> ACTIVITY
Working from the top of the records below, reproduce each line exactly, ending once you have written the line containing "- SW3, SW4, SW6, SW7, SW8: footprint".

> INFORMATION
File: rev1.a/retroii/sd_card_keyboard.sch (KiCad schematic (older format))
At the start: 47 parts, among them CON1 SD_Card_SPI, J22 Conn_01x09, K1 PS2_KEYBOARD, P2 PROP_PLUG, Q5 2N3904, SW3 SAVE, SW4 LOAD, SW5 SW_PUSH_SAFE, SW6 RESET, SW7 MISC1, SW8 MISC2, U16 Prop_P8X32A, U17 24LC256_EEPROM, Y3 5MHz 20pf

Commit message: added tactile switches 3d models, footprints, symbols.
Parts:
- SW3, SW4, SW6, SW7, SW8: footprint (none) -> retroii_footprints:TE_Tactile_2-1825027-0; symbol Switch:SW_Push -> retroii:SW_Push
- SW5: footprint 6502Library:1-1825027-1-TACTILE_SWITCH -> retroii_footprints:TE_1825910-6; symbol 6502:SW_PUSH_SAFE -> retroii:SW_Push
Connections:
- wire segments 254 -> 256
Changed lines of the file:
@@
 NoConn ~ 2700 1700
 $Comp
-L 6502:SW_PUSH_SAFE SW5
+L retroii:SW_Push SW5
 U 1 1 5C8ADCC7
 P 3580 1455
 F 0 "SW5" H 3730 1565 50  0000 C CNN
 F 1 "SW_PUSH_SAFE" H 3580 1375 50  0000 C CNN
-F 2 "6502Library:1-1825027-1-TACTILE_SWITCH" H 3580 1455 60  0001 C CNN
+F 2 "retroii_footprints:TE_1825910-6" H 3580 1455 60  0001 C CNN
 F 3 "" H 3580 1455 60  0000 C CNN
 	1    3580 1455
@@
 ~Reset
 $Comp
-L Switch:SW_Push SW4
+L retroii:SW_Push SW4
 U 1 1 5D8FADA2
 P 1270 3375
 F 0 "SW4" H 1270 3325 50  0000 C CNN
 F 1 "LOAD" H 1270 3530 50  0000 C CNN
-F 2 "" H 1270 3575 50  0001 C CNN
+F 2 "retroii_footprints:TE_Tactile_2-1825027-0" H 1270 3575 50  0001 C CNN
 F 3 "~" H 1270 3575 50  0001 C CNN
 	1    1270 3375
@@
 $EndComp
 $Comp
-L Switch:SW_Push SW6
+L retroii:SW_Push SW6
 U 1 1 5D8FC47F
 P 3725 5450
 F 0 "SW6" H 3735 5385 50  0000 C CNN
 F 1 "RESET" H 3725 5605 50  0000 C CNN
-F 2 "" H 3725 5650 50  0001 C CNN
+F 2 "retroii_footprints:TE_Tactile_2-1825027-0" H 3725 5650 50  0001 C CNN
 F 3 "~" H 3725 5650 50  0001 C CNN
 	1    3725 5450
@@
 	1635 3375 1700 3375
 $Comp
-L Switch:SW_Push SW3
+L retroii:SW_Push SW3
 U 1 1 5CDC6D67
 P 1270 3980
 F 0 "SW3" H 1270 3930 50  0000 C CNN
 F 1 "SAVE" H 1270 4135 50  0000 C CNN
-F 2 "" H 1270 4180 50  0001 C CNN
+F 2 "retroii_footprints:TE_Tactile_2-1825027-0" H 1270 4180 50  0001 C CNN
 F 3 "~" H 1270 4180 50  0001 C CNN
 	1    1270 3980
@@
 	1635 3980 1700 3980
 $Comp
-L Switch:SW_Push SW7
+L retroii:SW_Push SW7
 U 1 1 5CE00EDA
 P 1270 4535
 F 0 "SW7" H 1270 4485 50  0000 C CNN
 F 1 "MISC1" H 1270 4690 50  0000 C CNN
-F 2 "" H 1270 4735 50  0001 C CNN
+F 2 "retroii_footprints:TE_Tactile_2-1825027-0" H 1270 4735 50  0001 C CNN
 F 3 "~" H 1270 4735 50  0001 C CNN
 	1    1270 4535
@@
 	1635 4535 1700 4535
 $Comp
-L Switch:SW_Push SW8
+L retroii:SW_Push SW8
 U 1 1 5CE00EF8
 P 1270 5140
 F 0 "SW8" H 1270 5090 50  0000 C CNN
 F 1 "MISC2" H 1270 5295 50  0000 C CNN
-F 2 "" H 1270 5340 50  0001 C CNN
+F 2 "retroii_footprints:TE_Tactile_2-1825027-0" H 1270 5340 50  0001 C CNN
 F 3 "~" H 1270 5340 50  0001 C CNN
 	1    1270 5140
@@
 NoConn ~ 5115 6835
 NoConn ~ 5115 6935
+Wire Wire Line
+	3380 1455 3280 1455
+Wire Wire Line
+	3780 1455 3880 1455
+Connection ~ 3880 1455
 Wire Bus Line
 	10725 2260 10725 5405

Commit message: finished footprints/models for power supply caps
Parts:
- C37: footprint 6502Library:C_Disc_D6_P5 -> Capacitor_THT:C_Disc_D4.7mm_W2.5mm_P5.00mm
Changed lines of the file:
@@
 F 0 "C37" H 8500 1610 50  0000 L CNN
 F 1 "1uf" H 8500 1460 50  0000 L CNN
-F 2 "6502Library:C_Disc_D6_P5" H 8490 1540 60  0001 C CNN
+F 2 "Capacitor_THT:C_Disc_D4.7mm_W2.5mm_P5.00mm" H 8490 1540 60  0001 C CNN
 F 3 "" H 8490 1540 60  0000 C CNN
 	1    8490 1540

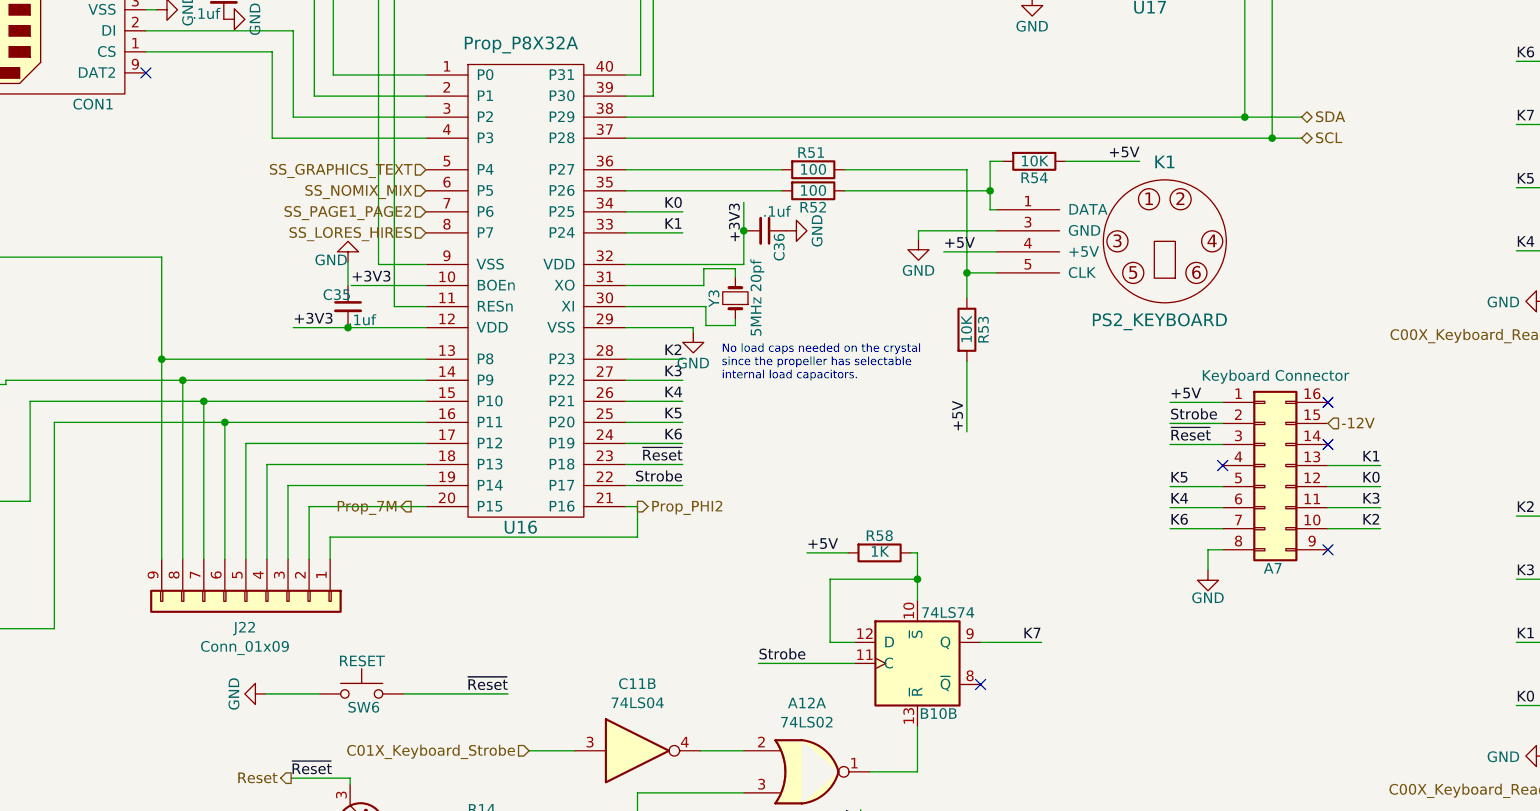
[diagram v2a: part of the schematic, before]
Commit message: added series resistors for prop 5v interface pins.
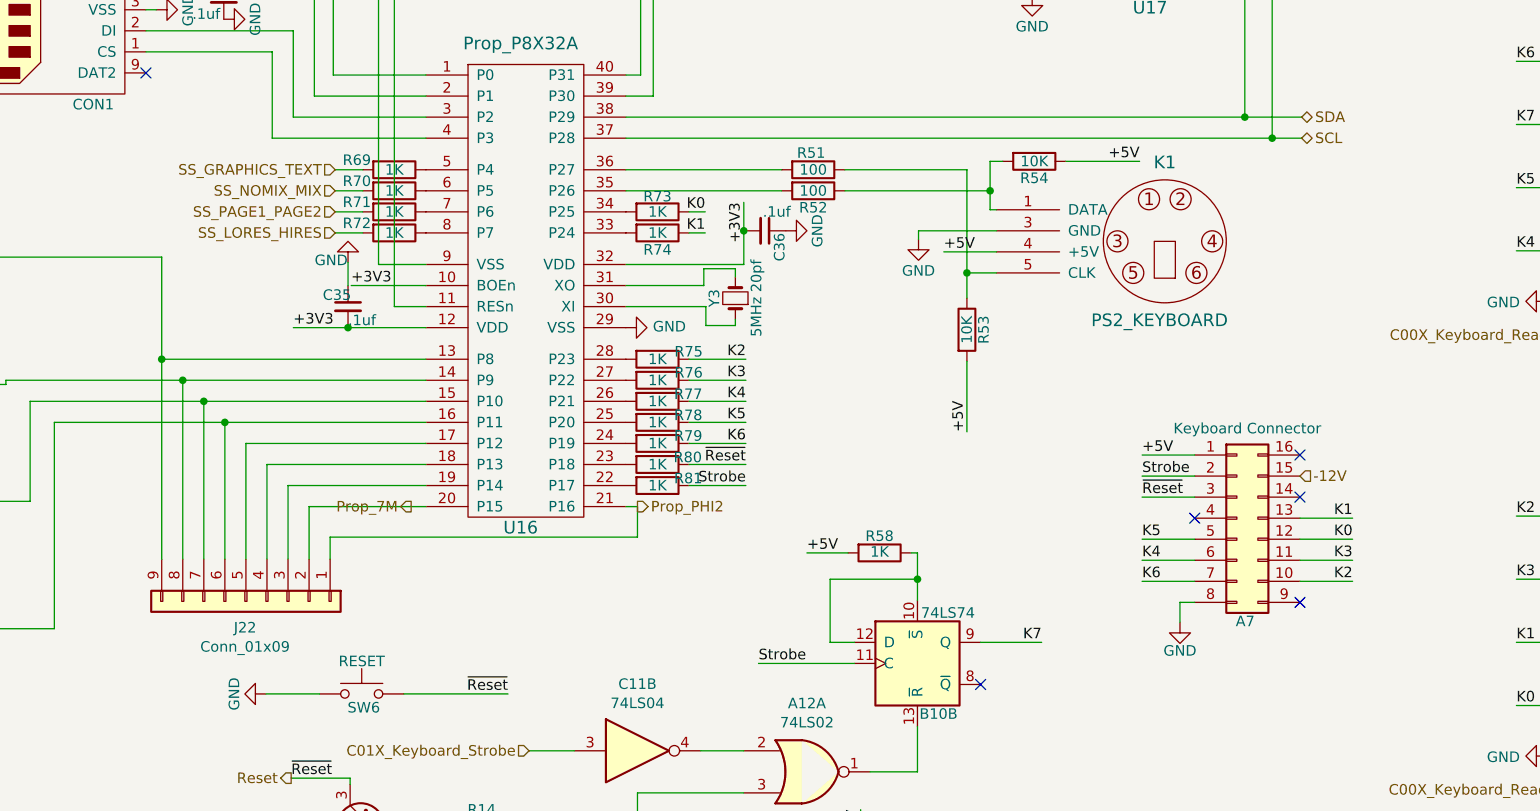
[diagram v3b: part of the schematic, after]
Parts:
- added R69, R70, R71, R72, R73, R74, R75, R76, R77, R78, R79, R80, R81: 1K, retroii_footprints:R_Axial_DIN0207_L6.3mm_D2.5mm_P10.16mm_Horizontal, symbol device:R
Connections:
- net K0: now also R73.1; no longer U16.34 (P25)
- net K1: now also R74.1; no longer U16.33 (P24)
- net K2: now also R75.1; no longer U16.28 (P23)
- net K3: now also R76.1; no longer U16.27 (P22)
- net K4: now also R77.1; no longer U16.26 (P21)
- net K5: now also R78.1; no longer U16.25 (P20)
- net K6: now also R79.1; no longer U16.24 (P19)
- net Reset: now also R80.1; no longer U16.23 (P18)
- net SS_GRAPHICS_TEXT: now also R69.2; no longer U16.5 (P4)
- net SS_LORES_HIRES: now also R72.2; no longer U16.8 (P7)
- net SS_NOMIX_MIX: now also R70.2; no longer U16.6 (P5)
- net SS_PAGE1_PAGE2: now also R71.2; no longer U16.7 (P6)
- net Strobe: now also R81.1; no longer U16.22 (P17)
- new net: R81.2, U16.22 (P17)
- new net: R80.2, U16.23 (P18)
- new net: R79.2, U16.24 (P19)
- new net: R78.2, U16.25 (P20)
- new net: R77.2, U16.26 (P21)
- new net: R76.2, U16.27 (P22)
- new net: R75.2, U16.28 (P23)
- new net: R74.2, U16.33 (P24)
- new net: R73.2, U16.34 (P25)
- new net: R69.1, U16.5 (P4)
- new net: R70.1, U16.6 (P5)
- new net: R71.1, U16.7 (P6)
- new net: R72.1, U16.8 (P7)
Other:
- note removed: "No load caps needed on the crystal\nsince the propeller has selectable\ninternal load capacitors."
- moved on the sheet: A7

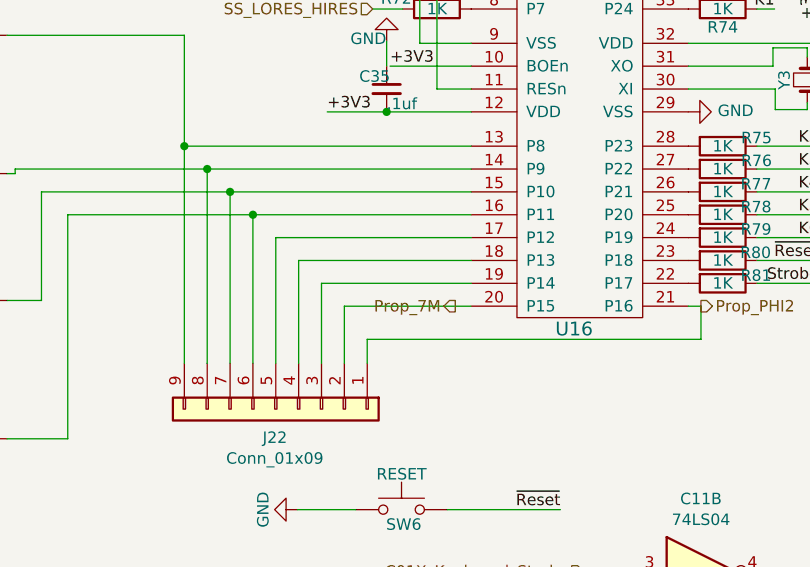
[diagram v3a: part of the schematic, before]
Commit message: added prop_q3 to peripheral slot connections.
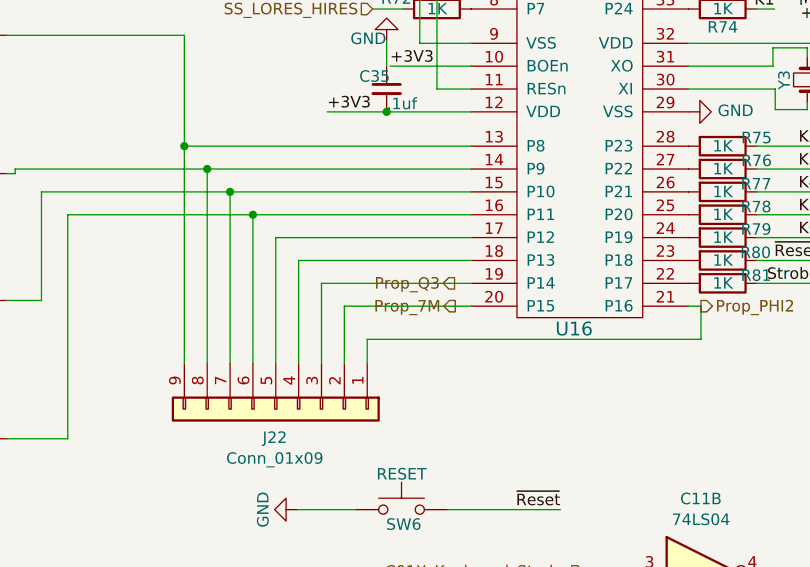
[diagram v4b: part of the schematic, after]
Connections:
- net Prop_Q3: now reaches J22.3 (Pin_3), U16.19 (P14)
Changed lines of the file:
@@
 	3375 4810 3375 4460
-Wire Wire Line
-	3375 4460 4030 4460
 Wire Wire Line
 	4980 4560 5035 4560
@@
 Wire Wire Line
 	3730 3260 3599 3260
+Text HLabel 3957 4460 0    50   Output ~ 0
+Prop_Q3
+Wire Wire Line
+	3375 4460 4030 4460
 Wire Bus Line
 	10725 2260 10725 5405

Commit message: working on optimizing keyboard layout
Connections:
- net SS_GRAPHICS_TEXT: now also R72.2; no longer R69.2
- net SS_LORES_HIRES: now also R69.2; no longer R72.2
- net SS_NOMIX_MIX: now also R71.2; no longer R70.2
- net SS_PAGE1_PAGE2: now also R70.2; no longer R71.2
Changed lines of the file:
@@
 Text HLabel 3390 5850 0    50   Output ~ 0
 Reset
+Text HLabel 3599 3260 0    50   Input ~ 0
+SS_GRAPHICS_TEXT
+Text HLabel 3599 3160 0    50   Input ~ 0
+SS_NOMIX_MIX
+Text HLabel 3599 3060 0    50   Input ~ 0
+SS_PAGE1_PAGE2
 Text HLabel 3599 2960 0    50   Input ~ 0
-SS_GRAPHICS_TEXT
-Text HLabel 3599 3060 0    50   Input ~ 0
-SS_NOMIX_MIX
-Text HLabel 3599 3160 0    50   Input ~ 0
-SS_PAGE1_PAGE2
-Text HLabel 3599 3260 0    50   Input ~ 0
 SS_LORES_HIRES
 Wire Wire Line

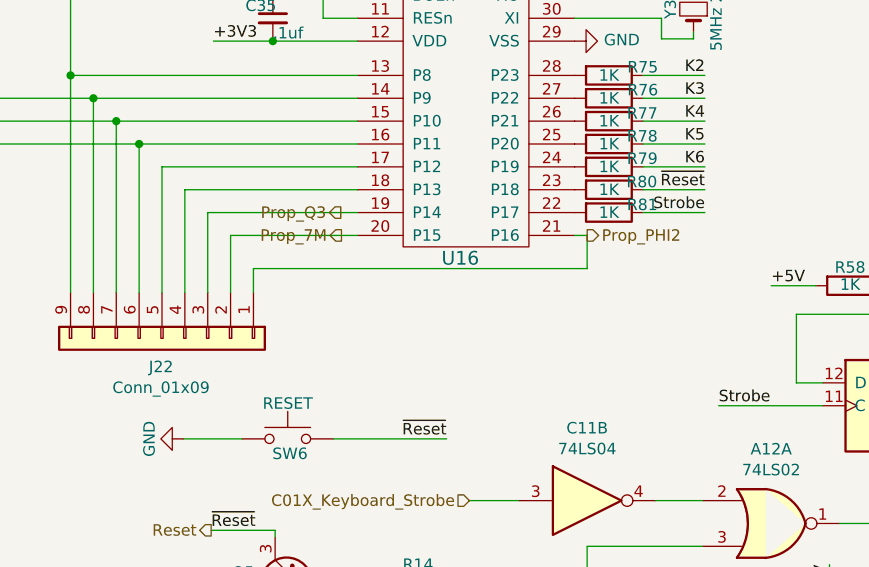
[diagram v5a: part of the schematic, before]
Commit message: modified prop layout to include jumpers for phi2, rdy, and dma.
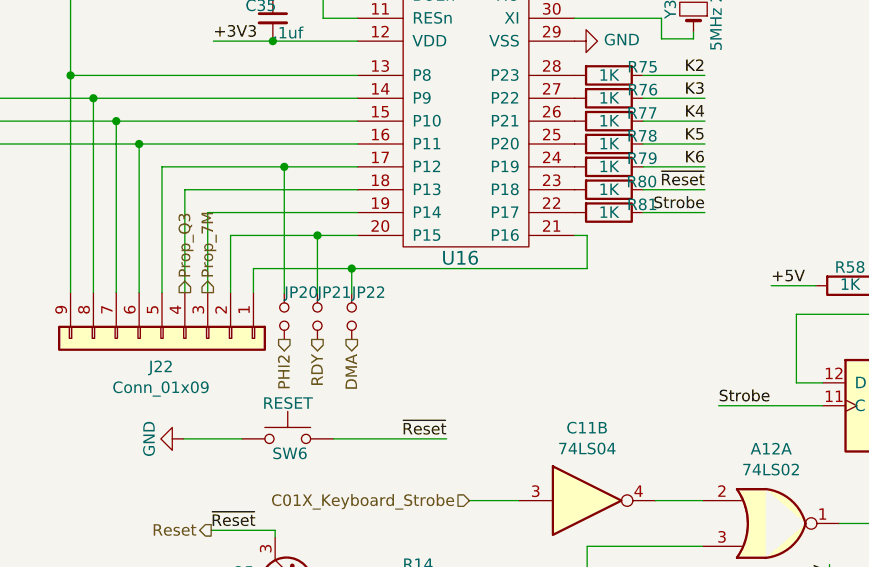
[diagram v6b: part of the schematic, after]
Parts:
- added JP20, JP21, JP22: Jumper_NO_Small, Connector_PinHeader_2.54mm:PinHeader_1x02_P2.54mm_Vertical, symbol Device:Jumper_NO_Small
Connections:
- net Prop_7M: now also J22.3 (Pin_3), U16.19 (P14); no longer J22.2 (Pin_2), U16.20 (P15)
- net Prop_Q3: now also J22.4 (Pin_4), U16.18 (P13); no longer J22.3 (Pin_3), U16.19 (P14)
- net at J22.5 (Pin_5), U16.17 (P12): now also JP20.1
- net Prop_PHI2: no longer names the net of J22.1 (Pin_1), U16.21 (P16)
- net Prop_PHI2: now also JP22.1
- new net: J22.2 (Pin_2), JP21.1, U16.20 (P15)
- new net DMA: JP22.2
- new net PHI2: JP20.2
- new net RDY: JP21.2
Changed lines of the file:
@@
 	3175 4810 3175 4260
 Wire Wire Line
-	3175 4260 4030 4260
+	3175 4260 3710 4260
 Wire Wire Line
 	4030 4360 3275 4360
@@
 	5035 4560 5035 4705
 Wire Wire Line
-	5035 4705 3575 4705
+	5035 4705 4005 4705
 Wire Wire Line
 	3575 4705 3575 4810
@@
 +5V
 Wire Wire Line
-	3475 4560 4030 4560
-Text HLabel 5035 4560 2    50   Output ~ 0
-Prop_PHI2
-Text HLabel 3960 4560 0    50   Output ~ 0
+	3475 4560 3855 4560
+Text HLabel 3375 4810 1    50   Output ~ 0
 Prop_7M
 NoConn ~ 5115 6835
@@
 Wire Wire Line
 	3730 3260 3599 3260
-Text HLabel 3957 4460 0    50   Output ~ 0
+Text HLabel 3275 4810 1    50   Output ~ 0
 Prop_Q3
 Wire Wire Line
 	3375 4460 4030 4460
+Text HLabel 3710 5015 3    50   Output ~ 0
+PHI2
+Text HLabel 3855 5015 3    50   Output ~ 0
+RDY
+Text HLabel 4005 5015 3    50   Output ~ 0
+DMA
+$Comp
+L Device:Jumper_NO_Small JP22
+U 1 1 5D7BEB06
+P 4005 4915
+F 0 "JP22" V 3900 4915 50  0000 L CNN
+F 1 "Jumper_NO_Small" V 4050 4963 50  0001 L CNN
+F 2 "Connector_PinHeader_2.54mm:PinHeader_1x02_P2.54mm_Vertical" H 4005 4915 50  0001 C CNN
+F 3 "~" H 4005 4915 50  0001 C CNN
+	1    4005 4915
+	0    1    1    0
+$EndComp
+Wire Wire Line
+	4005 4815 4005 4705
+Connection ~ 4005 4705
+Wire Wire Line
+	4005 4705 3575 4705
+$Comp
+L Device:Jumper_NO_Small JP21
+U 1 1 5D7ECAFE
+P 3855 4915
+F 0 "JP21" V 3750 4915 50  0000 L CNN
+F 1 "Jumper_NO_Small" V 3900 4963 50  0001 L CNN
+F 2 "Connector_PinHeader_2.54mm:PinHeader_1x02_P2.54mm_Vertical" H 3855 4915 50  0001 C CNN
+F 3 "~" H 3855 4915 50  0001 C CNN
+	1    3855 4915
+	0    1    1    0
+$EndComp
+Wire Wire Line
+	3855 4815 3855 4560
+Connection ~ 3855 4560
+Wire Wire Line
+	3855 4560 4030 4560
+$Comp
+L Device:Jumper_NO_Small JP20
+U 1 1 5D802F37
+P 3710 4915
+F 0 "JP20" V 3605 4915 50  0000 L CNN
+F 1 "Jumper_NO_Small" V 3755 4963 50  0001 L CNN
+F 2 "Connector_PinHeader_2.54mm:PinHeader_1x02_P2.54mm_Vertical" H 3710 4915 50  0001 C CNN
+F 3 "~" H 3710 4915 50  0001 C CNN
+	1    3710 4915
+	0    1    1    0
+$EndComp
+Wire Wire Line
+	3710 4815 3710 4260
 Wire Bus Line
 	10725 2260 10725 5405
+Connection ~ 3710 4260
+Wire Wire Line
+	3710 4260 4030 4260
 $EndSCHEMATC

> RESPONSE AREA
File: rev1.a/retroii/sd_card_keyboard.sch (KiCad schematic (older format))
At the start: 47 parts, among them CON1 SD_Card_SPI, J22 Conn_01x09, K1 PS2_KEYBOARD, P2 PROP_PLUG, Q5 2N3904, SW3 SAVE, SW4 LOAD, SW5 SW_PUSH_SAFE, SW6 RESET, SW7 MISC1, SW8 MISC2, U16 Prop_P8X32A, U17 24LC256_EEPROM, Y3 5MHz 20pf

Commit message: added tactile switches 3d models, footprints, symbols.
Parts:
- SW3, SW4, SW6, SW7, SW8: footprint (none) -> retroii_footprints:TE_Tactile_2-1825027-0; symbol Switch:SW_Push -> retroii:SW_Push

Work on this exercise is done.